Hier­ge­gen wen­det das OLG Braun­schweig ein, dass eine Ent­rei­che­rung nur dann ge­ge­ben sei, wenn der An­spruch ge­gen das Fi­nanz­amt auf Rücker­stat­tung der Um­satz­steuer un­ein­bring­lich oder seine Durch­set­zung äußerst schwie­rig ist. Bei­des sei hier nicht der Fall. Die Fest­set­zung war nicht be­standskräftig und nach der nun ein­deu­tig fest­ge­stell­ten Rechts­lage ist die Fi­nanz­ver­wal­tung ver­pflich­tet, die Um­satz­steuer zu kor­ri­gie­ren. Das Ge­richt sah auch keine äußer­ste Schwie­rig­keit in der Durch­set­zung der For­de­rung. Haupt­ar­gu­ment hierfür war für das OLG, dass nicht sämt­li­che Zy­to­sta­tika-Re­zepte auf die rich­tige um­satz­steu­er­li­che Be­hand­lung hin zu un­ter­su­chen sind, son­dern nur die­je­ni­gen Re­zepte, die die be­tref­fende pri­vate Kran­ken­kasse zur Überprüfung gel­tend macht und ein­reicht. Zu­dem er­gebe sich aus dem Heil­be­hand­lungs­ver­trag i.V.m. § 241 Abs. 2 BGB die Ne­ben­pflicht auf die Rechte, Rechtsgüter und In­ter­es­sen des Ver­trags­part­ners Rück­sicht zu neh­men.
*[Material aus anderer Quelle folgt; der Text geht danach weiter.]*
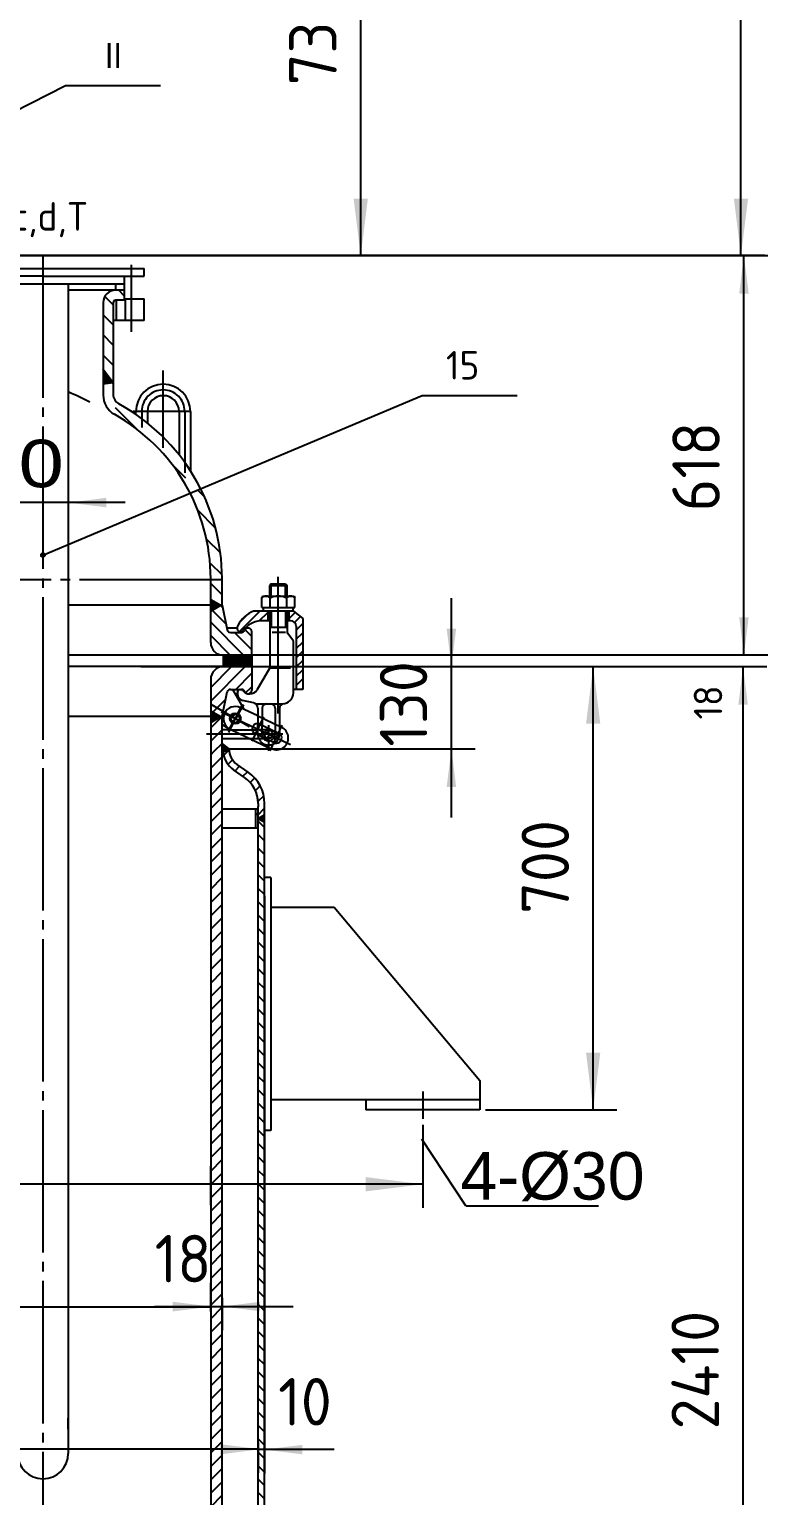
# Model space of a CAD drawing. Extents: x -623 to 82863, y -5386 to 376.
# Drawn here: x 5591 to 5668.8, y -138.3 to 16.2 of the extents above; entities that cross this region are included whole.
import ezdxf

# ---------------------------------------------------------------- set-up
doc = ezdxf.new("R2010")
doc.units = 0
doc.linetypes.add('DASHDOT', pattern=[18, 15, -1, 1, -1])
doc.linetypes.add('DASHED', pattern=[4, 3, -1])
doc.layers.get('0').update_dxf_attribs({"color": 8, "linetype": 'CONTINUOUS'})
for name, color, linetype in [('1', 8, 'CONTINUOUS'), ('2', 94, 'DASHDOT'), ('3', 2, 'DASHED'), ('85', 7, 'CONTINUOUS')]:
    doc.layers.add(name, color=color, linetype=linetype)
doc.styles.get("Standard").update_dxf_attribs({"font": 'cadt_en', "bigfont": 'cadt_hz'})
doc.styles.add('STYLE1', font='tssdeng.shx', dxfattribs={"width": 0.7, "bigfont": 'hztxt.shx'})
doc.styles.add('STYLE209', font='cadt_en.shx', dxfattribs={"width": 1.283849, "bigfont": 'cadt_hz.shx'})
doc.styles.add('STYLE210', font='cadt_en.shx', dxfattribs={"width": 0.9717, "bigfont": 'cadt_hz.shx'})
doc.styles.add('STYLE211', font='cadt_en.shx', dxfattribs={"width": 1.044319, "bigfont": 'cadt_hz.shx'})
doc.styles.add('STYLE212', font='cadt_en.shx', dxfattribs={"width": 1.114043, "bigfont": 'cadt_hz.shx'})
doc.styles.add('STYLE213', font='cadt_en.shx', dxfattribs={"width": 1.115263, "bigfont": 'cadt_hz.shx'})
doc.dimstyles.get("Standard").update_dxf_attribs({"dimtxt": 3.5, "dimasz": 4, "dimexe": 2, "dimexo": 0, "dimgap": 1, "dimtad": 1, "dimtoh": 1, "dimdec": 4, "dimzin": 0, "dimtxsty": 'STANDARD', "dimcen": 0, "dimazin": 3, "dimtfac": 1, "dimtdec": 4, "dimtmove": 0, "dimatfit": 3, "dimtolj": 1, "dimtzin": 0})

# ---------------------------------------------------------------- blocks, each defined once
blk = doc.blocks.new('*U37')
for p, q in [((5611.16, -44.48), (5611.35, -44.67)), ((5610.11, -46.26), (5613.58, -49.74)), ((5610.26, -45), (5611.72, -46.46)), ((5610.11, -47.67), (5612.17, -49.74)), ((5612.6, -47.34), (5614.44, -49.18)), ((5613.71, -47.04), (5614.44, -47.77, 1))]:
    blk.add_line(p, q)
blk = doc.blocks.new('*D38')
blk.add_line((5601.11, -33.66), (5579.85, -33.66))
for points in [[(5589.77, -33.66), (5585.77, -34.16), (5585.77, -33.16)], [(5595.11, -33.66), (5599.11, -33.16), (5599.11, -34.16)]]:
    blk.add_solid(points)
at = {"insert": (5578.42, -32.23), "char_height": 5, "attachment_point": 7, "style": 'STYLE209'}
blk.add_mtext('%%c80', dxfattribs=at)
blk = doc.blocks.new('*U44')
for p, q in [((5610.11, -43.98), (5610.18, -43.9)), ((5610.11, -44), (5610.8, -44.69)), ((5610.11, -44.26), (5610.36, -44)), ((5610.11, -44.54), (5610.54, -44.11)), ((5610.11, -44.83), (5610.72, -44.21)), ((5610.11, -44.28), (5610.62, -44.79)), ((5610.11, -44.56), (5610.44, -44.9)), ((5610.15, -45.06), (5610.9, -44.31)), ((5610.44, -44.05), (5610.98, -44.59)), ((5610.82, -44.67), (5611.08, -44.42)), ((5611.11, -44.43), (5611.16, -44.48)), ((5610.11, -44.85), (5610.26, -45, 1))]:
    blk.add_line(p, q)
blk = doc.blocks.new('*U53')
at = {"layer": '1'}
for p, q in [((5610.11, -60.22), (5610.51, -59.82)), ((5610.11, -61.63), (5611.31, -60.43)), ((5610.11, -63.04), (5611.31, -61.84)), ((5610.11, -64.46), (5611.31, -63.26)), ((5610.11, -65.87), (5611.31, -64.67)), ((5610.11, -67.29), (5611.31, -66.09)), ((5610.11, -68.7), (5611.31, -67.5)), ((5610.11, -70.12), (5611.31, -68.92)), ((5610.11, -71.53), (5611.31, -70.33)), ((5610.11, -72.94), (5611.31, -71.74)), ((5610.11, -74.36), (5611.31, -73.16)), ((5610.11, -75.77), (5611.31, -74.57)), ((5610.11, -77.19), (5611.31, -75.99)), ((5610.11, -78.6), (5611.31, -77.4)), ((5610.11, -80.01), (5611.31, -78.81)), ((5610.11, -81.43), (5611.31, -80.23)), ((5610.11, -82.84), (5611.31, -81.64)), ((5610.11, -84.26), (5611.31, -83.06)), ((5610.11, -85.67), (5611.31, -84.47)), ((5610.11, -87.09), (5611.31, -85.89)), ((5610.11, -88.5), (5611.31, -87.3)), ((5610.11, -89.91), (5611.31, -88.71)), ((5610.11, -91.33), (5611.31, -90.13)), ((5610.11, -92.74), (5611.31, -91.54)), ((5610.11, -94.16), (5611.31, -92.96)), ((5610.11, -95.57), (5611.31, -94.37)), ((5610.11, -96.99), (5611.31, -95.79)), ((5610.11, -98.4), (5611.31, -97.2)), ((5610.11, -99.81), (5611.31, -98.61)), ((5610.11, -101.23), (5611.31, -100.03)), ((5610.11, -102.64), (5611.31, -101.44)), ((5610.11, -104.06), (5611.31, -102.86)), ((5610.11, -105.47), (5611.31, -104.27)), ((5610.11, -106.88), (5611.31, -105.68)), ((5610.11, -108.3), (5611.31, -107.1)), ((5610.11, -109.71), (5611.31, -108.51)), ((5610.11, -111.13), (5611.31, -109.93)), ((5610.11, -112.54), (5611.31, -111.34)), ((5610.11, -113.96), (5611.31, -112.76)), ((5610.11, -115.37), (5611.31, -114.17)), ((5610.11, -116.78), (5611.31, -115.58)), ((5610.11, -118.2), (5611.31, -117)), ((5610.11, -119.61), (5611.31, -118.41)), ((5610.11, -121.03), (5611.31, -119.83)), ((5610.11, -122.44), (5611.31, -121.24)), ((5610.11, -123.86), (5611.31, -122.66)), ((5610.11, -125.27), (5611.31, -124.07)), ((5610.11, -126.68), (5611.31, -125.48)), ((5610.11, -128.1), (5611.31, -126.9)), ((5610.11, -129.51), (5611.31, -128.31)), ((5610.11, -130.93), (5611.31, -129.73)), ((5610.11, -132.34), (5611.31, -131.14)), ((5610.11, -133.75), (5611.31, -132.55)), ((5610.11, -135.17), (5611.31, -133.97)), ((5610.11, -136.58), (5611.31, -135.38)), ((5610.11, -138), (5611.31, -136.8)), ((5610.11, -139.41), (5611.31, -138.21)), ((5610.11, -140.83), (5611.31, -139.63)), ((5610.11, -142.24), (5611.31, -141.04)), ((5610.11, -143.65), (5611.31, -142.45)), ((5610.11, -145.07), (5611.31, -143.87)), ((5610.11, -146.48), (5611.31, -145.28)), ((5610.11, -147.9), (5611.31, -146.7)), ((5610.11, -149.31), (5611.31, -148.11)), ((5610.11, -150.73), (5611.31, -149.53)), ((5610.11, -152.14), (5611.31, -150.94)), ((5610.11, -153.55), (5611.31, -152.35)), ((5610.11, -154.97), (5611.31, -153.77)), ((5610.11, -156.38), (5611.31, -155.18)), ((5610.11, -157.8), (5611.31, -156.6)), ((5610.11, -159.21), (5611.31, -158.01)), ((5610.11, -160.62), (5611.31, -159.42)), ((5610.11, -162.04), (5611.31, -160.84)), ((5610.11, -163.45), (5611.31, -162.25)), ((5610.11, -164.87), (5611.31, -163.67)), ((5610.11, -166.28), (5611.31, -165.08)), ((5610.11, -167.7), (5611.31, -166.5)), ((5610.11, -169.11), (5611.31, -167.91)), ((5610.11, -170.52), (5611.31, -169.32)), ((5610.11, -171.94), (5611.31, -170.74)), ((5610.11, -173.35), (5611.31, -172.15)), ((5610.11, -174.77), (5611.31, -173.57)), ((5610.11, -176.18), (5611.31, -174.98)), ((5610.11, -177.6), (5611.31, -176.4)), ((5610.11, -179.01), (5611.31, -177.81)), ((5610.91, -179.62), (5611.31, -179.22, 1))]:
    blk.add_line(p, q, dxfattribs=at)
blk = doc.blocks.new('*U64')
for p, q in [((5615.77, -67.88), (5615.11, -67.22)), ((5615.77, -69.3), (5615.11, -68.63)), ((5615.77, -70.71), (5615.11, -70.05)), ((5615.77, -72.13), (5615.11, -71.46)), ((5615.11, -72.87), (5615.77, -73.54)), ((5615.77, -74.95), (5615.11, -74.29)), ((5615.77, -76.37), (5615.11, -75.7)), ((5615.77, -77.78), (5615.11, -77.12)), ((5615.77, -79.2), (5615.11, -78.53)), ((5615.77, -80.61), (5615.11, -79.94)), ((5615.77, -82.03), (5615.11, -81.36)), ((5615.77, -83.44), (5615.11, -82.77)), ((5615.77, -84.85), (5615.11, -84.19)), ((5615.77, -86.27), (5615.11, -85.6)), ((5615.77, -87.68), (5615.11, -87.02)), ((5615.77, -89.1), (5615.11, -88.43)), ((5615.77, -90.51), (5615.11, -89.84)), ((5615.77, -91.93), (5615.11, -91.26)), ((5615.77, -93.34), (5615.11, -92.67)), ((5615.77, -94.75), (5615.11, -94.09)), ((5615.77, -96.17), (5615.11, -95.5)), ((5615.77, -97.58), (5615.11, -96.92)), ((5615.77, -99), (5615.11, -98.33)), ((5615.77, -100.41), (5615.11, -99.74)), ((5615.77, -101.82), (5615.11, -101.16)), ((5615.77, -103.24), (5615.11, -102.57)), ((5615.77, -104.65), (5615.11, -103.99)), ((5615.77, -106.07), (5615.11, -105.4)), ((5615.77, -107.48), (5615.11, -106.81)), ((5615.77, -108.9), (5615.11, -108.23)), ((5615.77, -110.31), (5615.11, -109.64)), ((5615.77, -111.72), (5615.11, -111.06)), ((5615.77, -113.14), (5615.11, -112.47)), ((5615.77, -114.55), (5615.11, -113.89)), ((5615.77, -115.97), (5615.11, -115.3)), ((5615.77, -117.38), (5615.11, -116.71)), ((5615.77, -118.8), (5615.11, -118.13)), ((5615.77, -120.21), (5615.11, -119.54)), ((5615.77, -121.62), (5615.11, -120.96)), ((5615.77, -123.04), (5615.11, -122.37)), ((5615.77, -124.45), (5615.11, -123.79)), ((5615.77, -125.87), (5615.11, -125.2)), ((5615.77, -127.28), (5615.11, -126.61)), ((5615.11, -128.03), (5615.77, -128.69)), ((5615.77, -130.11), (5615.11, -129.44)), ((5615.77, -131.52), (5615.11, -130.86)), ((5615.77, -132.94), (5615.11, -132.27)), ((5615.77, -134.35), (5615.11, -133.68)), ((5615.77, -135.77), (5615.11, -135.1)), ((5615.77, -137.18), (5615.11, -136.51)), ((5615.77, -138.59), (5615.11, -137.93)), ((5615.77, -140.01), (5615.11, -139.34)), ((5615.77, -141.42), (5615.11, -140.76)), ((5615.77, -142.84), (5615.11, -142.17)), ((5615.77, -144.25), (5615.11, -143.58)), ((5615.77, -145.67), (5615.11, -145)), ((5615.77, -147.08), (5615.11, -146.41)), ((5615.77, -148.49), (5615.11, -147.83)), ((5615.77, -149.91), (5615.11, -149.24)), ((5615.77, -151.32), (5615.11, -150.66)), ((5615.77, -152.74), (5615.11, -152.07)), ((5615.77, -154.15), (5615.11, -153.48)), ((5615.11, -154.9), (5615.77, -155.56)), ((5615.77, -156.98), (5615.11, -156.31)), ((5615.77, -158.39), (5615.11, -157.73)), ((5615.77, -159.81), (5615.11, -159.14)), ((5615.77, -161.22), (5615.11, -160.56)), ((5615.77, -162.64), (5615.11, -161.97)), ((5615.77, -164.05), (5615.11, -163.38)), ((5615.77, -165.46), (5615.11, -164.8)), ((5615.77, -166.88), (5615.11, -166.21)), ((5615.77, -168.29), (5615.11, -167.63)), ((5615.77, -169.71), (5615.11, -169.04)), ((5615.77, -171.12), (5615.11, -170.45)), ((5615.77, -172.54), (5615.11, -171.87)), ((5615.77, -173.95), (5615.11, -173.28)), ((5615.77, -175.36), (5615.11, -174.7)), ((5615.77, -176.78), (5615.11, -176.11)), ((5615.77, -178.19), (5615.11, -177.53)), ((5615.77, -179.61), (5615.11, -178.94)), ((5615.77, -181.02), (5615.11, -180.35)), ((5615.11, -181.77), (5615.61, -182.27, 1))]:
    blk.add_line(p, q)
blk = doc.blocks.new('*U74')
at = {"layer": '1'}
for p, q in [((5610.11, -54.56), (5613.73, -50.94)), ((5610.11, -53.14), (5612.31, -50.94)), ((5610.4, -51.44), (5610.6, -51.23)), ((5612.74, -53.34), (5614.44, -51.64)), ((5613.78, -53.71), (5614.44, -53.05)), ((5610.35, -55.73), (5611.68, -54.39)), ((5610.11, -57.39), (5611.31, -56.18)), ((5610.11, -58.8), (5611.31, -57.6)), ((5610.51, -59.82), (5611.31, -59.02, 1))]:
    blk.add_line(p, q, dxfattribs=at)
blk = doc.blocks.new('*U75')
at = {"layer": '1'}
for p, q in [((5615.21, -66.88), (5615.13, -66.95)), ((5615.51, -67.17), (5615.22, -66.87)), ((5615.31, -67.06), (5615.77, -66.6)), ((5615.77, -67.15), (5615.39, -66.77)), ((5615.49, -67.16), (5615.77, -66.88)), ((5615.77, -66.87), (5615.57, -66.67)), ((5615.77, -67.16), (5615.67, -67.26, 1)), ((5615.77, -66.58), (5615.75, -66.56))]:
    blk.add_line(p, q, dxfattribs=at)
blk = doc.blocks.new('*U76')
at = {"layer": '1'}
for p, q in [((5611.46, -60.28), (5612.04, -59.69)), ((5611.92, -61.23), (5612.4, -60.75)), ((5612.67, -61.9), (5613.14, -61.42)), ((5613.5, -62.48), (5613.98, -62)), ((5614.26, -63.13), (5614.74, -62.66)), ((5614.82, -63.99), (5615.32, -63.49)), ((5615.1, -65.12), (5615.69, -64.53)), ((5615.11, -66.53), (5615.77, -65.86, 1))]:
    blk.add_line(p, q, dxfattribs=at)
blk = doc.blocks.new('*U77')
at = {"layer": '1'}
for p, q in [((5611.31, -59.3), (5611.46, -59.14)), ((5611.31, -59.17), (5611.84, -59.71)), ((5611.31, -59.58), (5611.62, -59.27)), ((5611.31, -59.86), (5611.77, -59.39)), ((5611.31, -59.46), (5611.65, -59.8)), ((5611.31, -59.74), (5611.47, -59.9)), ((5611.64, -59.81), (5611.93, -59.52, 1)), ((5611.94, -59.53), (5612.03, -59.61))]:
    blk.add_line(p, q, dxfattribs=at)
blk = doc.blocks.new('*U78')
at = {"layer": '1'}
for p, q in [((5610.11, -55.69), (5610.17, -55.63)), ((5610.11, -55.71), (5610.81, -56.41)), ((5610.11, -55.97), (5610.35, -55.73)), ((5610.11, -56.26), (5610.53, -55.83)), ((5610.11, -56.54), (5610.71, -55.94)), ((5610.11, -55.99), (5610.63, -56.52)), ((5610.11, -56.82), (5610.89, -56.04)), ((5610.11, -56.28), (5610.45, -56.62)), ((5610.11, -56.56), (5610.27, -56.73)), ((5610.49, -55.81), (5610.99, -56.31)), ((5610.78, -56.43), (5611.07, -56.14, 1)), ((5611.15, -56.19), (5611.17, -56.21))]:
    blk.add_line(p, q, dxfattribs=at)
blk = doc.blocks.new('*U86')
at = {"layer": '1'}
for p, q in [((5612.53, -49.74), (5611.44, -50.83)), ((5612.32, -49.74), (5611.44, -50.62)), ((5612.11, -49.74), (5611.44, -50.41)), ((5611.9, -49.74), (5611.44, -50.19)), ((5611.68, -49.74), (5611.44, -49.98)), ((5611.47, -49.74), (5611.44, -49.77)), ((5612.62, -50.94), (5611.44, -49.76)), ((5612.41, -50.94), (5611.44, -49.97)), ((5612.2, -50.94), (5611.44, -50.18)), ((5611.98, -50.94), (5611.44, -50.39)), ((5611.77, -50.94), (5611.44, -50.6)), ((5611.56, -50.94), (5611.44, -50.82)), ((5612.74, -49.74), (5611.54, -50.94)), ((5612.83, -50.94), (5611.63, -49.74)), ((5612.96, -49.74), (5611.76, -50.94)), ((5613.05, -50.94), (5611.85, -49.74)), ((5613.17, -49.74), (5611.97, -50.94)), ((5613.26, -50.94), (5612.06, -49.74)), ((5613.38, -49.74), (5612.18, -50.94)), ((5613.47, -50.94), (5612.27, -49.74)), ((5613.59, -49.74), (5612.39, -50.94)), ((5613.68, -50.94), (5612.48, -49.74)), ((5613.8, -49.74), (5612.6, -50.94)), ((5613.89, -50.94), (5612.69, -49.74)), ((5614.02, -49.74), (5612.82, -50.94)), ((5614.11, -50.94), (5612.91, -49.74)), ((5614.23, -49.74), (5613.03, -50.94)), ((5614.32, -50.94), (5613.12, -49.74)), ((5614.44, -49.74), (5613.24, -50.94)), ((5614.44, -50.85), (5613.33, -49.74)), ((5614.44, -49.95), (5613.45, -50.94)), ((5614.44, -50.63), (5613.54, -49.74)), ((5614.44, -50.16), (5613.67, -50.94)), ((5614.44, -50.42), (5613.75, -49.74)), ((5614.44, -50.38), (5613.88, -50.94)), ((5614.44, -50.21), (5613.97, -49.74)), ((5614.44, -50.59), (5614.09, -50.94)), ((5614.44, -50), (5614.18, -49.74)), ((5614.44, -50.8), (5614.3, -50.94, 1)), ((5614.44, -49.79), (5614.39, -49.74))]:
    blk.add_line(p, q, dxfattribs=at)
blk = doc.blocks.new('*U88')
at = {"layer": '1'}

Aus der Net­to­preis­ab­rede er­folge die Ver­pflich­tung, den Ver­trags­part­ner nur mit der Um­satz­steuer zu be­las­ten, die auch tatsäch­lich anfällt.

Hinweis

Die Re­vi­sion zum Bun­des­ge­richts­hof (BGH) wurde we­gen grundsätz­li­cher Be­deu­tung der Sa­che zu­ge­las­sen.

Bestätigt der BGH die Recht­spre­chung der OLG Schles­wig-Hol­stein und Braun­schweig, könnte man sich so­wohl bei Brutto- als auch bei Net­to­preis­ab­re­den kaum ge­gen Rück­for­de­rungs­an­sprüche von pri­va­ten Kran­ken­kas­sen weh­ren, so­weit nicht die dreijährige Verjährungs­frist für Be­rei­che­rungs­an­sprüche ab­ge­lau­fen ist und die Um­satz­steuer für das be­tref­fende Ge­schäfts­jahr noch nicht be­standskräftig ver­an­lagt ist. Bei ei­ner Brut­to­preis­ab­rede ha­ben die Kran­ken­kas­sen nach die­sen Ur­tei­len einen An­pas­sungs­an­spruch auf Fest­set­zung des Net­to­prei­ses, weil den pri­va­ten Kran­ken­kas­sen ein Fest­hal­ten am Brut­to­ver­trag nicht zu­mut­bar sei; bei ei­ner Net­to­ver­ein­ba­rung wird oh­ne­hin die Um­satz­steuer nur ge­schul­det, wenn tatsäch­lich eine Um­satz­steu­er­pflicht be­steht. Die In­an­spruch­nahme der Überg­angs­re­ge­lung der Fi­nanz­ver­wal­tung bis 2016 kann ge­nauso we­nig ge­gen einen Rück­for­de­rungs­an­spruch der pri­va­ten Kran­ken­kas­sen gel­tend ge­macht wer­den wie der er­heb­li­che Ver­wal­tungs­auf­wand we­gen der Prüfung der von den pri­va­ten Kran­ken­kas­sen ein­ge­reich­ten Re­zepte.

Es bleibt ab­zu­war­ten, wie der BGH letzt­lich über die Rück­zah­lungs­an­sprüche der pri­va­ten Kran­ken­kas­sen ent­schei­den und ob diese Recht­spre­chung mit der Recht­spre­chung des BSG über die Rück­zah­lungs­an­sprüche der ge­setz­li­chen Kran­ken­kas­sen übe­rein­stim­men wird.